The Sherman Act was problematic in another way. While the act covered transportation of goods across state lines, there was at least reasonable debate about whether manufacturing (the production of goods, even by a corporation that operated in several states) was encompassed within the statute and the commerce clause of the Constitution. Manufacturing had traditionally been treated as a local enterprise, the control of which properly belonged to the states. But the rise of an industrial market economy of transcontinental proportions posed difficult regulatory problems for the states.



The overwhelming support for the measure, which passed the Senate by a vote of fifty-two to one and by voice vote in the House of Representatives, suggests that critics thought that the Supreme Court would nullify it. In any case, in a pattern repeated throughout the legal history of the United States, members of Congress were willing, given the diverse political pressures that played on them, to permit the federal courts to pour meaning into the hollow phrases of the nation's first--and to this day most important--antitrust act.

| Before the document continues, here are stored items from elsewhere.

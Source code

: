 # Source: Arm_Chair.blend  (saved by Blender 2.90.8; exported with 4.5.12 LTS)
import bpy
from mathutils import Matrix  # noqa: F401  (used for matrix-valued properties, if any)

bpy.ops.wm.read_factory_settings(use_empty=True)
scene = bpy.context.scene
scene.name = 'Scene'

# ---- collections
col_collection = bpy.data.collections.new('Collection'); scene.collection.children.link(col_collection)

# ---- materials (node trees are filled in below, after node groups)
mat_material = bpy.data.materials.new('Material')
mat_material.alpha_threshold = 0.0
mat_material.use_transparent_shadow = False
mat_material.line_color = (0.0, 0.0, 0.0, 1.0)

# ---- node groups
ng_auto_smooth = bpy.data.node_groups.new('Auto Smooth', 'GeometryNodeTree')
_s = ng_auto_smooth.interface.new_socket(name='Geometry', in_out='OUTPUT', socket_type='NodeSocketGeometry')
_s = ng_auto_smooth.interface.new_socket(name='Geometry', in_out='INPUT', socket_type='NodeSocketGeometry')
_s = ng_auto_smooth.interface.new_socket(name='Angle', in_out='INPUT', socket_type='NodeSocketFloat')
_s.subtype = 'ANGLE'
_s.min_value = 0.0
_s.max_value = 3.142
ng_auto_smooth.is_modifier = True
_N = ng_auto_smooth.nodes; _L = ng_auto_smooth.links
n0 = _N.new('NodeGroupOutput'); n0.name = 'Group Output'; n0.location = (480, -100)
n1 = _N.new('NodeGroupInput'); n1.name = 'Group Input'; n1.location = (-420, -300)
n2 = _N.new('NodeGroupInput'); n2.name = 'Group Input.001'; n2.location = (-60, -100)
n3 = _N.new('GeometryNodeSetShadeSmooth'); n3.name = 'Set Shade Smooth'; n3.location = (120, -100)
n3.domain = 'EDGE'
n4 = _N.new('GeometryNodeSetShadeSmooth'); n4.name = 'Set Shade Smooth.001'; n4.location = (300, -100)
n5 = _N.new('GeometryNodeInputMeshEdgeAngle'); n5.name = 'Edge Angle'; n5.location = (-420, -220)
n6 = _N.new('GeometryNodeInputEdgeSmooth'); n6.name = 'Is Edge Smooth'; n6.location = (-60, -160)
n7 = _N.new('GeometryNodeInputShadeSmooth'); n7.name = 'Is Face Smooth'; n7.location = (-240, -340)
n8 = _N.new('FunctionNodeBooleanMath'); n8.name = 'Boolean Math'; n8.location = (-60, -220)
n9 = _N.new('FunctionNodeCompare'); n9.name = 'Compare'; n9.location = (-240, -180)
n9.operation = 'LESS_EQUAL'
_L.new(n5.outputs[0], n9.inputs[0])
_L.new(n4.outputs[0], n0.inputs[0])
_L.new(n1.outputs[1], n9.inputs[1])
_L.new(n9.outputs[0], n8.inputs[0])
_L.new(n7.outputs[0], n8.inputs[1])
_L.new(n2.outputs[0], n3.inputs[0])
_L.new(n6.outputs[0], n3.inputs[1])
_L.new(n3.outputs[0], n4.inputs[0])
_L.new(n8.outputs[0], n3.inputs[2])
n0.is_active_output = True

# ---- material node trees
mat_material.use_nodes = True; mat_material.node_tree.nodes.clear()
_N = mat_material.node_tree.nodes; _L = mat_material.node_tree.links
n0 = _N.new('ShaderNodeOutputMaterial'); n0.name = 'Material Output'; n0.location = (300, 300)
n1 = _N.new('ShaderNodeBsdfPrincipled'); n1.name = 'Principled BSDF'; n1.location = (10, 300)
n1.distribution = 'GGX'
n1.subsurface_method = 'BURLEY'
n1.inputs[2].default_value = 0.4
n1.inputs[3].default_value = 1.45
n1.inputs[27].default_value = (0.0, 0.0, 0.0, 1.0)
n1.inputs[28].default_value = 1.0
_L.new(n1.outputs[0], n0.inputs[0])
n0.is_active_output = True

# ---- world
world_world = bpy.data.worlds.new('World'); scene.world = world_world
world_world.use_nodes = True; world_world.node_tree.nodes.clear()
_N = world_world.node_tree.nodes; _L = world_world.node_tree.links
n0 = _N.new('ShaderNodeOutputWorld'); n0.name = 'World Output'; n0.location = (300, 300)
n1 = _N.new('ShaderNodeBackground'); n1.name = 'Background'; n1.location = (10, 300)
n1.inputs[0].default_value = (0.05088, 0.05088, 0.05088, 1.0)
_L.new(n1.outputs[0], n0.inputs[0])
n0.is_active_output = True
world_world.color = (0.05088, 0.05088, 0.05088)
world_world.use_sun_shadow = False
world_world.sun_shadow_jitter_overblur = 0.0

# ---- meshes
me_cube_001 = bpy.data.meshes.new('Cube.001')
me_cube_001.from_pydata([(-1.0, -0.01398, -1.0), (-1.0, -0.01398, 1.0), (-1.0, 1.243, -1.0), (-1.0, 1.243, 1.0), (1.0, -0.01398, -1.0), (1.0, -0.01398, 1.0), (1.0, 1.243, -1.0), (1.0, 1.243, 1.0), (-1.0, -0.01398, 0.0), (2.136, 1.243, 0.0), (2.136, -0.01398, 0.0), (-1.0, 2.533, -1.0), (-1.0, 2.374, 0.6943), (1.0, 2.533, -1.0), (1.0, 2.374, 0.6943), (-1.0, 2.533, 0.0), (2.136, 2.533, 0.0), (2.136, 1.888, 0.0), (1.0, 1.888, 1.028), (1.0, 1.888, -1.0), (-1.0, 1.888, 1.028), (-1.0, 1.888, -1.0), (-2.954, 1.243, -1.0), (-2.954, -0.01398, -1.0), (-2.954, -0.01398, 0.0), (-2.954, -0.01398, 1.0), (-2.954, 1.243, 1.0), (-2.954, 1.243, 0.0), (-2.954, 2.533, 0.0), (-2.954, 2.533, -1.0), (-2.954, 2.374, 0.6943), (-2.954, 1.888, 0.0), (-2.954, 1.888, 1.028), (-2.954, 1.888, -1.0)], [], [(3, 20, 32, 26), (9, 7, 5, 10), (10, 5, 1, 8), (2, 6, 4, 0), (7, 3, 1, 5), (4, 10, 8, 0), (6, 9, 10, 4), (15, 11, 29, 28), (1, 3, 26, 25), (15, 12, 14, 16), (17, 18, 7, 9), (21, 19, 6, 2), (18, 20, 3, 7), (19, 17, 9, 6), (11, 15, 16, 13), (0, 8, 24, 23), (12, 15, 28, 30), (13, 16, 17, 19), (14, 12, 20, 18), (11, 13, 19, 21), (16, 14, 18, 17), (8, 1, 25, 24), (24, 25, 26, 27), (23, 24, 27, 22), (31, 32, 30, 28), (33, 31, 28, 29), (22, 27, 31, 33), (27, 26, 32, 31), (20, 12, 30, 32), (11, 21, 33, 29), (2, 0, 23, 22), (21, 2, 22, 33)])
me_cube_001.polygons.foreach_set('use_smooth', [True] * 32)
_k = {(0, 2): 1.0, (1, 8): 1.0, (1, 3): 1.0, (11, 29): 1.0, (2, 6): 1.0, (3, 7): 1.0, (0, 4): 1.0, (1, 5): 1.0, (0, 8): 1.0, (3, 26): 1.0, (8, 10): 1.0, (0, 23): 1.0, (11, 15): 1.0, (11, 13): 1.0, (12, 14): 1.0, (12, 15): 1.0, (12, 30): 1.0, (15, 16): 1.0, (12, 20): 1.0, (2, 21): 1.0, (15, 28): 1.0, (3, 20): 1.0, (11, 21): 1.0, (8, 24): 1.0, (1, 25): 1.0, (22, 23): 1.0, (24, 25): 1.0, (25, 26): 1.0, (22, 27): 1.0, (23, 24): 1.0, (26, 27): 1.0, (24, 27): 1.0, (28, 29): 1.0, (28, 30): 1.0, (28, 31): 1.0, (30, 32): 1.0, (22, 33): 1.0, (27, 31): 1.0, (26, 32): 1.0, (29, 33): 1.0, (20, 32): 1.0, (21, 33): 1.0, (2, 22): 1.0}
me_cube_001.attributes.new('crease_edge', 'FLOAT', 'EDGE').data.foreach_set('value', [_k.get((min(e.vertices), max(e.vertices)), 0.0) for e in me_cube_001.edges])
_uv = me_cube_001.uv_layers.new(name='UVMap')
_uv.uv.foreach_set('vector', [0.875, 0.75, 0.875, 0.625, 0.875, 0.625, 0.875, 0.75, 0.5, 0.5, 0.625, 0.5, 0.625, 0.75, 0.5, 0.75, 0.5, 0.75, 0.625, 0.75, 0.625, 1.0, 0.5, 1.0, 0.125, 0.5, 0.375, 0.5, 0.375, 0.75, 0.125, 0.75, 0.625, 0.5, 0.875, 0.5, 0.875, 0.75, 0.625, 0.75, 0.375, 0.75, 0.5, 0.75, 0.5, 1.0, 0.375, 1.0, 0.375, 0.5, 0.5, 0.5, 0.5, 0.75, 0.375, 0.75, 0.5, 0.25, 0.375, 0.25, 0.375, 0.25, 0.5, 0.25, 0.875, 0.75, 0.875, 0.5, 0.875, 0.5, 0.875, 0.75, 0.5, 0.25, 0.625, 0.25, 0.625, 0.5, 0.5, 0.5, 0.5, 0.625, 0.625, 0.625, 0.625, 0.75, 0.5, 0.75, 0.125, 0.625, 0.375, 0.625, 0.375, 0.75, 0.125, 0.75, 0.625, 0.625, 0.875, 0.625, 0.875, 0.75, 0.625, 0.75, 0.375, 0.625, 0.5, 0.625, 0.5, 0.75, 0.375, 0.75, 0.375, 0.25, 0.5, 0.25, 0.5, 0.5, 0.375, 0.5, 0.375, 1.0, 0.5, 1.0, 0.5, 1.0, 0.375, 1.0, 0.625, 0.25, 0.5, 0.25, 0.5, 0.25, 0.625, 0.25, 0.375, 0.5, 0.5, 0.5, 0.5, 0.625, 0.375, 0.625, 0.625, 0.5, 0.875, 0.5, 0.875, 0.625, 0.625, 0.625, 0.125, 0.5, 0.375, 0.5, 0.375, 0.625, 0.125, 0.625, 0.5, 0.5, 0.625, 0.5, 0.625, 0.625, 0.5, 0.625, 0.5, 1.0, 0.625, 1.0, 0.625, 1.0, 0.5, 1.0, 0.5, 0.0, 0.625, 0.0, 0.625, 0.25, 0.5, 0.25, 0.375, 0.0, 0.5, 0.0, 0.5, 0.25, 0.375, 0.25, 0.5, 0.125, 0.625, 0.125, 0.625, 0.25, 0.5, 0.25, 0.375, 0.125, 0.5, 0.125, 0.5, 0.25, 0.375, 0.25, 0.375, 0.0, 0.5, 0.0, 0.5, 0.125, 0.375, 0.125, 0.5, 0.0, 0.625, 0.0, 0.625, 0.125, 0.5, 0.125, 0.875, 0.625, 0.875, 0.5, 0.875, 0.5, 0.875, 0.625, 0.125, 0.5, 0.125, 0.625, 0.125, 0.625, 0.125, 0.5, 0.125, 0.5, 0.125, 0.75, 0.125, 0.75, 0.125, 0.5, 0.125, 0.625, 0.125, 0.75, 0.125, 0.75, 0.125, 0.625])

In the Progressive period, Congress (this time at the urging of Woodrow Wilson) sought to infuse greater regulation into antitrust policies. The Clayton Antitrust Act of 1914 added the following phrase to the prohibited business practices: "where the effect may be to substantially lessen competition or tend to create a monopoly in any line of commerce." 33 The act also excluded labor unions, which the federal courts had held to be included under the Sherman Act. The additional wording, however, handed greater rather than less discretion to the courts. In the same year, Congress also created the Federal Trade Commission (FTC) with broad powers to investigate companies and to issue "cease and desist" orders against unfair trade practices that violated antitrust law. These measures, however, depended for effective enforcement, like the ICC, on a bipartisan board of commissioners whose orders were subject to review in federal courts.